───── LISTED RECORDS ─────
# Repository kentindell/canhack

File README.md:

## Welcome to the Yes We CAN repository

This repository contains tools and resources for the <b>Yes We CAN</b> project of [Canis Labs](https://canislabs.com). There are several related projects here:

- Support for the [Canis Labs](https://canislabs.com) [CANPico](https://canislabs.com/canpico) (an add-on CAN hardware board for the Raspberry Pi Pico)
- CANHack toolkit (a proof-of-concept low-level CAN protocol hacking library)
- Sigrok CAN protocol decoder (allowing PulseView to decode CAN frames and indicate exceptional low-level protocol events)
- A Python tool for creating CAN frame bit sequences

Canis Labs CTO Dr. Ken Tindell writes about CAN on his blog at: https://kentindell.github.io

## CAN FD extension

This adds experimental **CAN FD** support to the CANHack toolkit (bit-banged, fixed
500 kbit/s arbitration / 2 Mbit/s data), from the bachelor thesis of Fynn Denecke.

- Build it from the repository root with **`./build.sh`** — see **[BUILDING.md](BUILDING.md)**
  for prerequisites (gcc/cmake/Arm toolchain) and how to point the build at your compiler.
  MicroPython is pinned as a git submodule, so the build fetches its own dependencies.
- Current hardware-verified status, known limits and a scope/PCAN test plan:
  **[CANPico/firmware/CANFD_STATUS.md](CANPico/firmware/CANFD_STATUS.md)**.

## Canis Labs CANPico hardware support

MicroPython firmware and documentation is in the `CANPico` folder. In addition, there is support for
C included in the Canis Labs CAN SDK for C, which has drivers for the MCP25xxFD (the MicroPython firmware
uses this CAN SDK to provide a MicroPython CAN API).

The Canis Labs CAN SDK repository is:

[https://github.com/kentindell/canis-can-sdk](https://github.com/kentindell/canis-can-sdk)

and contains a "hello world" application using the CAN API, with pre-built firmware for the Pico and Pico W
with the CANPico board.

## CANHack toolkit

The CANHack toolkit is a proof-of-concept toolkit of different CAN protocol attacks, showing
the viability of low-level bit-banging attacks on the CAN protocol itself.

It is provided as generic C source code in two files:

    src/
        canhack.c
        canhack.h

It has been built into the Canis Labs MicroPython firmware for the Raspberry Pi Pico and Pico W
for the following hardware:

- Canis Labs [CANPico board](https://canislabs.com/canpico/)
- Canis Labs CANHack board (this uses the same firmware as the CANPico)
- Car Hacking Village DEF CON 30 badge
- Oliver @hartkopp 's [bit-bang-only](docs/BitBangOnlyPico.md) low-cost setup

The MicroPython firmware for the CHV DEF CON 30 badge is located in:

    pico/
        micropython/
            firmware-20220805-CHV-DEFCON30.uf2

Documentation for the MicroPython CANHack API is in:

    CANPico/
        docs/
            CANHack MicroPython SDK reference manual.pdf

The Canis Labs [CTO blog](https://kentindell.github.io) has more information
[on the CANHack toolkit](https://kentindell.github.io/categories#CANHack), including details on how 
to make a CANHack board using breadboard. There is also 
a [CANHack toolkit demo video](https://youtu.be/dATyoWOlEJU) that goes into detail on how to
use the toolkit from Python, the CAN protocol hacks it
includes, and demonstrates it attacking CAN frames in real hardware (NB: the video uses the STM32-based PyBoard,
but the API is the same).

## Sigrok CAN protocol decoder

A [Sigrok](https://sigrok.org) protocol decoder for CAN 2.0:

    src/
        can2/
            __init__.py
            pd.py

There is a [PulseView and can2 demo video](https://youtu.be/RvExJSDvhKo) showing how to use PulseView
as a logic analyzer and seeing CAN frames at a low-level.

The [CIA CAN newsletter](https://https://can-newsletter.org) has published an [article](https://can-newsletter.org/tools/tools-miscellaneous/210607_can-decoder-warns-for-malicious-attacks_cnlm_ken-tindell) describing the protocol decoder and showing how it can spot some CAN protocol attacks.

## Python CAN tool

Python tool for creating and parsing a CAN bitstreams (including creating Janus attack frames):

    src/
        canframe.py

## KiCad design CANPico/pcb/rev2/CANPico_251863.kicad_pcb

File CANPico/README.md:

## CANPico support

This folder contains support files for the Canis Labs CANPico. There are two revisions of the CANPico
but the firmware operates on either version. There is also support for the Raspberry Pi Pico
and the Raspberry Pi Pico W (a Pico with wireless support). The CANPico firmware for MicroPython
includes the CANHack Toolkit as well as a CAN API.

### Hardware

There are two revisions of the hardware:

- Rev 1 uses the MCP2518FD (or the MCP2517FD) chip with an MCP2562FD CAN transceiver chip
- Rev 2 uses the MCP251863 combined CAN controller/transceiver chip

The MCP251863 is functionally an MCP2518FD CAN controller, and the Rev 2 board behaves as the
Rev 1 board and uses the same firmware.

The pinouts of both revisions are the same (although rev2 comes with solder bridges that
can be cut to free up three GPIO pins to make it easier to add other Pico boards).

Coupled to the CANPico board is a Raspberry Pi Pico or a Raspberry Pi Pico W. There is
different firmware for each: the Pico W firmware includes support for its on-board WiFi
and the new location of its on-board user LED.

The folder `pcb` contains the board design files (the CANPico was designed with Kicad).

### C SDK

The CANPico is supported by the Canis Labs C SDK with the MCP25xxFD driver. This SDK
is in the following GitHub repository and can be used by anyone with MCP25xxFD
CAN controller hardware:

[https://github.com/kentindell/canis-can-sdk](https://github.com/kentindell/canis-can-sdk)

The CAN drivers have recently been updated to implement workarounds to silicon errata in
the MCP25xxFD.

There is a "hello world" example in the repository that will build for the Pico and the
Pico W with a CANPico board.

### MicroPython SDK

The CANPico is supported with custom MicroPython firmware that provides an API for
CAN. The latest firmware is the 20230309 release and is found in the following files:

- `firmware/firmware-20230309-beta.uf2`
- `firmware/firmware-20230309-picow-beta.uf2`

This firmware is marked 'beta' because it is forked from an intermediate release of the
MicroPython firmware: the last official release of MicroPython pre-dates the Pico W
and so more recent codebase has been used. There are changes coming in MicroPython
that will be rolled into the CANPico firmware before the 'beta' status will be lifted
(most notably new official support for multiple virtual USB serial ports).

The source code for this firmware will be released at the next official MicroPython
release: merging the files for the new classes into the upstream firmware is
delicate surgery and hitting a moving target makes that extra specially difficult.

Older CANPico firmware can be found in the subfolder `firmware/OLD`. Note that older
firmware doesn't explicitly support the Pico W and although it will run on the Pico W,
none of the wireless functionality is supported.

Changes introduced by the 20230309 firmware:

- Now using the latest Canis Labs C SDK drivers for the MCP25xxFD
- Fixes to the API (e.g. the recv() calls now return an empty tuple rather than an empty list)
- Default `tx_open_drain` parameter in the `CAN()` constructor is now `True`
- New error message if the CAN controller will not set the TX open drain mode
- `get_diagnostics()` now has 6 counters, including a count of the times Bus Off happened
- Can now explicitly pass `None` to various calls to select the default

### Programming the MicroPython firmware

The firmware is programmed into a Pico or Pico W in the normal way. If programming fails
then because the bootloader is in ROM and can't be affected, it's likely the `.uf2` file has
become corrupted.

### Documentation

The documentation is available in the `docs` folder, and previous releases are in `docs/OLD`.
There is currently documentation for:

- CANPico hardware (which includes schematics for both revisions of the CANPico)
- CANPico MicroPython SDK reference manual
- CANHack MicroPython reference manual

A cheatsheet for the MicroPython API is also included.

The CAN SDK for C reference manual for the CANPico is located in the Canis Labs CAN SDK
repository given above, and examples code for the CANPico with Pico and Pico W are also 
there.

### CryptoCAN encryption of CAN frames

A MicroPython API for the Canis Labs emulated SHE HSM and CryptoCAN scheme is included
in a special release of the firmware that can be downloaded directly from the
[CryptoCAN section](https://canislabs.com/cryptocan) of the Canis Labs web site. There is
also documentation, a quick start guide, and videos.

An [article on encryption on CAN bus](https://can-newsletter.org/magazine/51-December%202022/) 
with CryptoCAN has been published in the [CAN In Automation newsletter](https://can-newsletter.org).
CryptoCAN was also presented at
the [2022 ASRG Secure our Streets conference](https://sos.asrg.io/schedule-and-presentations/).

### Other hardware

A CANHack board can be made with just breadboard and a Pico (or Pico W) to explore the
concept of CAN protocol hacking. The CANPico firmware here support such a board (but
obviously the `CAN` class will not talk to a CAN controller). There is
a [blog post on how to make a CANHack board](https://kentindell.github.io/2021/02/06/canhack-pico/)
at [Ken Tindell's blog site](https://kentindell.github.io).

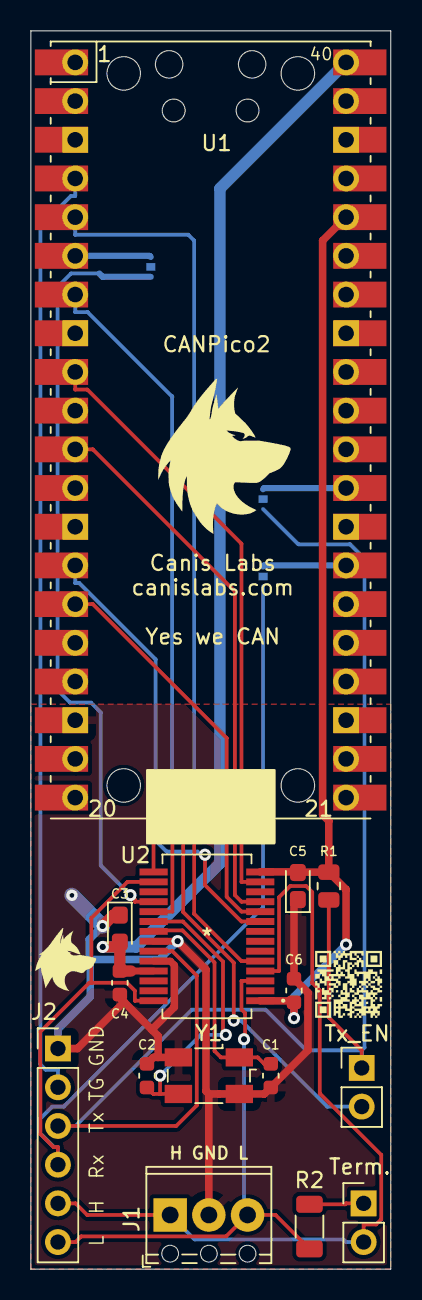
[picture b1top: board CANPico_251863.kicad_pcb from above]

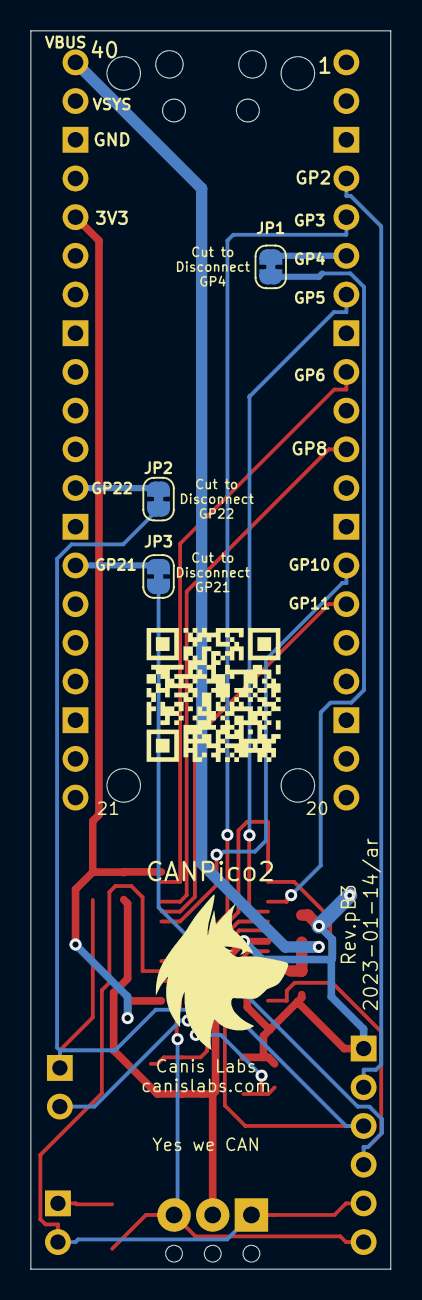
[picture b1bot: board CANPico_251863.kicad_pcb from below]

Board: 2 copper layers, 23.6 x 81.3 mm, 22 parts (3 on the bottom side), 22 nets.

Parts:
C1, C2: 22pF; C_0603_1608Metric
C3, C5: 4.7uF; CP_EIA-2012-15_AVX-P
C4, C6: 100nf; C_0603_1608Metric
H1, H2, H3, H4: MountingHole; MountingHole_2.2mm_M2_ISO14580
J1: CAN Screw Terminal; TerminalBlock_Phoenix_MPT-0,5-3-2.54_1x03_P2.54mm_Horizontal
J2: Test Connector; PinHeader_1x06_P2.54mm_Vertical
JP1, JP2, JP3: SolderJumper_2_Bridged; SolderJumper-2_P1.3mm_Bridged_RoundedPad1.0x1.5mm
JP4: Tx_EN; PinHeader_1x02_P2.54mm_Vertical
JP5: Term.; PinHeader_1x02_P2.54mm_Vertical
R1: 6k8; R_0805_2012Metric
R2: 120R; R_1206_3216Metric
U1: Pico; RPi_Pico_SMD_TH
U2: MCP251863T-E/SSVAO; MCP251863T-E&slash_SSVAO
Y1: 40MHz Crystal; Crystal_SMD_Abracon_ABM3B-4Pin_5.0x3.2mm

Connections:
+3V3: C5.2, C6.1, R1.1, U1.36 (3V3), U2.1 (VIO), U2.14 (VDD)
+5V: C3.2, C4.1, U1.40 (VBUS), U2.25 (VCC)
/CSn: U1.9 (GPIO6), U2.13 (NCS)
/H: J1.1, J2.5, JP5.2, U2.4 (CANH)
/IRQ: U1.7 (GPIO5), U2.19 (NINT)
/L: J1.3, J2.6, R2.2, U2.3 (CANL)
/Rx: J2.4, JP3.2 (B), U2.16 (RXCAN), U2.28 (RXD)
/SOF: JP1.2 (B), U2.18 (CLKO/SOF)
/SOF*: JP1.1 (A), U1.6 (GPIO4)
/SPI1_Rx: U1.11 (GPIO8), U2.11 (SDO)
/SPI1_SCK: U1.14 (GPIO10), U2.9 (SCK)
/SPI1_Tx: U1.15 (GPIO11), U2.10 (SDI)
/STBY: U1.5 (GPIO3), U2.5 (STBY)
/TRIG: J2.2, U1.4 (GPIO2)
/Tx: J2.3, JP2.2 (B), JP4.1, R1.2, U2.23 (TXD)
GND: C1.2, C2.2, C3.1, C4.2, C5.1, C6.2, J1.2, J2.1, U1.18 (GND), U2.22 (VSS), U2.24 (GND), Y1.2, Y1.4
unnamed: C1.1, U2.21 (OSC1), Y1.1
unnamed: C2.1, U2.20 (OSC2), Y1.3
unnamed: JP2.1 (A), U1.29 (GPIO22)
unnamed: JP3.1 (A), U1.27 (GPIO21)
unnamed: JP4.2, U2.15 (TXCAN)
unnamed: JP5.1, R2.1

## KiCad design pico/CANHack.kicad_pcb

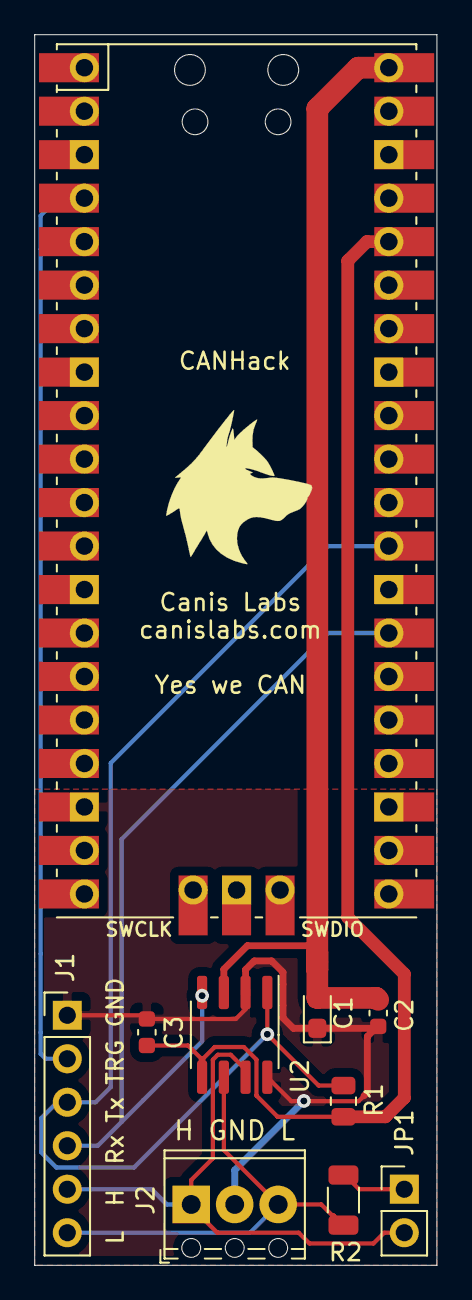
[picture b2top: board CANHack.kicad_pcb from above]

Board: 2 copper layers, 23.5 x 71.9 mm, 11 parts (1 on the bottom side), 9 nets.

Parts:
C1: 4.7uF; CP_EIA-2012-15_AVX-P
C2, C3: 100nF; C_0603_1608Metric
G2: LOGO; Canis logo 10mm
J1: Conn_01x06_Male; PinHeader_1x06_P2.54mm_Vertical
J2: Screw_Terminal_01x03; TerminalBlock_Phoenix_MPT-0,5-3-2.54_1x03_P2.54mm_Horizontal
JP1: Jumper; PinHeader_1x02_P2.54mm_Vertical
R1: 6k8; R_0805_2012Metric
R2: 120; R_1206_3216Metric
U1: Pico; RPi_Pico_SMD_TH
U2: MCP2562FD-E-SN; SOIC-8_3.9x4.9mm_P1.27mm

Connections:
+3V3: C3.2, R1.1, U1.36, U2.5
+5V: C1.2, C2.2, U1.40, U2.3
/CAN_H: J1.5, J2.1, JP1.2, U2.7
/CAN_L: J1.6, J2.3, R2.2, U2.6
/CAN_Rx: J1.4, U1.27, U2.4
/CAN_Tx: J1.3, R1.2, U1.29, U2.1
/TRIG: J1.2, U1.4
GND: C1.1, C2.1, C3.1, J1.1, J2.2, U1.18, U2.2, U2.8
unnamed: JP1.1, R2.1

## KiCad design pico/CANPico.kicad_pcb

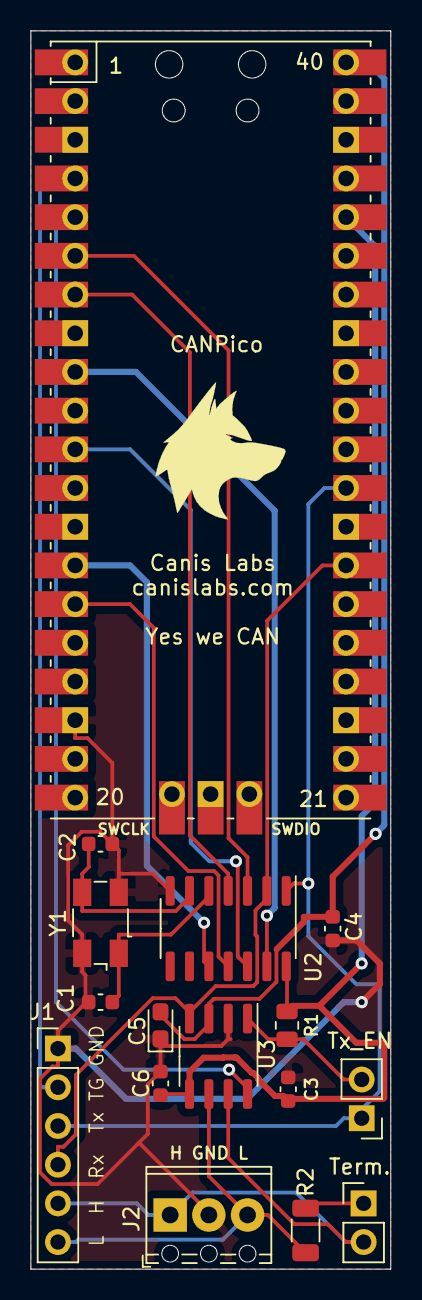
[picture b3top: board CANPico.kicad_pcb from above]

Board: 2 copper layers, 23.6 x 81.3 mm, 17 parts (1 on the bottom side), 19 nets.

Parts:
C1, C2: 22pF; C_0603_1608Metric
C3, C4, C6: 100nf; C_0603_1608Metric
C5: 4.7uF; CP_EIA-2012-15_AVX-P
G2: LOGO; Canis logo 10mm
J1: Test Connector; PinHeader_1x06_P2.54mm_Vertical
J2: CAN Connector; TerminalBlock_Phoenix_MPT-0,5-3-2.54_1x03_P2.54mm_Horizontal
JP1: Term.; PinHeader_1x02_P2.54mm_Vertical
JP2: Tx_EN; PinHeader_1x02_P2.54mm_Vertical
R1: 6k8; R_0805_2012Metric
R2: 120R; R_1206_3216Metric
U1: Pico; RPi_Pico_SMD_TH
U2: MCP2518FD-xSL; SOIC-14_3.9x8.7mm_P1.27mm
U3: MCP2562FD-x-SN; SOIC-8_3.9x4.9mm_P1.27mm
Y1: 40MHz Crystal; Crystal_SMD_Abracon_ABM3B-4Pin_5.0x3.2mm

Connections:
+3V3: C3.2, C6.1, R1.1, U1.36, U2.14, U3.5
+5V: C4.2, C5.2, U1.40, U3.3
/CSn: U1.9, U2.13
/H: J1.5, J2.1, JP1.2, U3.7
/IRQ: U1.7, U2.4
/L: J1.6, J2.3, R2.2, U3.6
/Rx: J1.4, U1.27, U2.2, U3.4
/SOF: U1.6, U2.3
/SPI1_Rx: U1.11, U2.12
/SPI1_SCK: U1.14, U2.10
/SPI1_Tx: U1.15, U2.11
/STBY: U1.5, U3.8
/TRIG: J1.2, U1.4
/Tx: J1.3, JP2.1, U1.29, U2.1
GND: C1.2, C2.2, C3.1, C4.1, C5.1, C6.2, J1.1, J2.2, U1.18, U2.7, U3.2, Y1.2, Y1.4
unnamed: C1.1, U2.5, Y1.1
unnamed: C2.1, U2.6, Y1.3
unnamed: JP1.1, R2.1
unnamed: JP2.2, R1.2, U3.1

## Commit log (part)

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2020-01-03 First version of the CAN frame generator
2020-01-03 Set theme jekyll-theme-minimal
2020-01-22 First release of CANHack toolkit source
2020-01-22 Fixed broken URL
2020-08-16 Coming soon..
2020-08-16 Raspberry Pi with a CAN board and internet access
2020-10-25 Error and display changes and new decode function
2020-12-19 First commit of can2 decoder
2021-01-02 Added binary output in pcapng format
2021-01-02 Updated README with link to blog post about can2
2021-01-09 Updated initialization to find sample rate
2021-02-06 Bug fix: export frame details only if error free
2021-02-06 Moved CANHack to the Raspberry Pi Pico
2021-02-06 MicroPython CANHack toolkit for Pi Pico
2021-02-06 Updated README for the new Pi Pico CANHack release
2021-02-06 New Pi Pico CANHack release
2021-02-15 Updated README with new links
2021-03-10 Squashed commit of the following:
    commit a5e92ffee85fd63b27458b9720a32a0716ad7101
    Author: Ken Tindell <ken.tindell@jkenergy.com>
    Date: Wed Mar 10 17:08:36 2021 +0000
    Documentation for CAN and CANHack
2021-03-10 Added .nojekyll to allow browsing HTML documentation
2021-03-10 Disable Jekyll
2021-03-10 Moved Sphinx HTML
2021-03-10 Edited README with link to documentation
2021-03-15 Added ASCII display option
2021-05-17 New firmware and documentation
2021-05-17 Corrupted firmware file
2021-05-17 Added MD5 hash of firmware file
2021-05-18 Renamed documents to omit versioning
2021-05-18 Filename changes
2021-07-09 can2: add some shorter format options for IDs
2021-07-09 can2: add some shorter format options for data bytes (when not showing ASCII)
2021-07-09 can2: add CAN string payload to 'data'/'Payload', use same hex or hex+ascii option
2021-07-09 swap the bytewise 'can-payload' into the fields row and the string 'data' into the payload row
2021-07-09 can2: avoid python byte escaping display when hex+ascii is selected
2021-07-13 Updated MicroPython API reference manual and CANHack schematics
2021-07-13 Added TODO to support smart CAN triggers with CANPico
2021-07-13 Updated to MicroPython v1.16, improved robustness to SPI noise
2021-07-13 Extra support for interactive examples
2021-07-13 Added simple example: finding Janus frames
2021-07-14 Updated falling edge to use CAN hard sync
2021-07-16 Added a periodic frame sender
2022-04-06 Updated README.txt
    Location of v1.15.patch (which includes the canis folder and CAN drivers)
2022-04-26 Updated to v1.18 of MicroPython
2022-04-28 Added missing file
2022-05-04 Update README.txt
    Added note for building firmware on a Mac
2022-05-11 New firmware with mincan module baked in
2022-05-11 Release of CANPicoCtrl v1.0
2022-08-05 New CHV DEF CON 30 badge firmware
2022-08-05 New version of CANPico MicroPython reference manual
2022-08-05 MicroPython firmware using new CAN SDK
2023-03-12 New CANPico folder
2023-03-12 README edits
2023-03-12 Added PDF documents for CANPico
2023-03-12 Archived old CANPico documents
2023-03-12 CANPico 20230309 firmware
2023-03-12 Archived previous firmware
2023-03-12 Added pinout for CANPico
2023-03-12 Try #2 to upload a binary file
2023-03-13 Added rev2 hardware schematics and Kicad files
2023-04-12 First cut at measuring recessive pulses
2023-04-17 Added node identification import/export via JSON
2023-04-17 Working with slow Logic Analyzer
2023-04-19 Replaced .hex() with code for older Pythons
2023-04-21 Bug fixes; write to JSON now an option
2023-08-14 fix a decoder exception due to missing IDE field. Triggered by processing pathological traces from Tom Forest's Unrealistic CAN challenge CHV CTF 2023
2023-09-12 can2: format strings are not supported in python 3.4
2023-09-12 can2: module 'typing' is not avaiable in python 3.4
    ... also the import is strictly needed for the comment-style type
    hinting
2023-09-12 remove the duplicate canhack.{c,h} files
2024-03-28 initial version
2024-04-01 Moved to v1.22.2 upstream MicroPython
2024-04-01 Datestamp/tag firmware

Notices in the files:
CANPico/pcb/rev2/CANPico_251863.kicad_pcb:
©2023 Canis/ar
pico/CANPico.kicad_pcb:
©2021 Canis/ar
parts and their libraries:
Copyright 2021 Accelerated Designs. All rights reserved.
─────
> TASK STATEMENT: From the listing above, return the lines starting at the one with "## Python CAN tool" and ending at the one with "The CANPico is supported by", both kept, exactly as they appear and nothing more.

> ANSWER:
## Python CAN tool

Python tool for creating and parsing a CAN bitstreams (including creating Janus attack frames):

    src/
        canframe.py

## KiCad design CANPico/pcb/rev2/CANPico_251863.kicad_pcb

File CANPico/README.md:

## CANPico support

This folder contains support files for the Canis Labs CANPico. There are two revisions of the CANPico
but the firmware operates on either version. There is also support for the Raspberry Pi Pico
and the Raspberry Pi Pico W (a Pico with wireless support). The CANPico firmware for MicroPython
includes the CANHack Toolkit as well as a CAN API.

### Hardware

There are two revisions of the hardware:

- Rev 1 uses the MCP2518FD (or the MCP2517FD) chip with an MCP2562FD CAN transceiver chip
- Rev 2 uses the MCP251863 combined CAN controller/transceiver chip

The MCP251863 is functionally an MCP2518FD CAN controller, and the Rev 2 board behaves as the
Rev 1 board and uses the same firmware.

The pinouts of both revisions are the same (although rev2 comes with solder bridges that
can be cut to free up three GPIO pins to make it easier to add other Pico boards).

Coupled to the CANPico board is a Raspberry Pi Pico or a Raspberry Pi Pico W. There is
different firmware for each: the Pico W firmware includes support for its on-board WiFi
and the new location of its on-board user LED.

The folder `pcb` contains the board design files (the CANPico was designed with Kicad).

### C SDK

The CANPico is supported by the Canis Labs C SDK with the MCP25xxFD driver. This SDK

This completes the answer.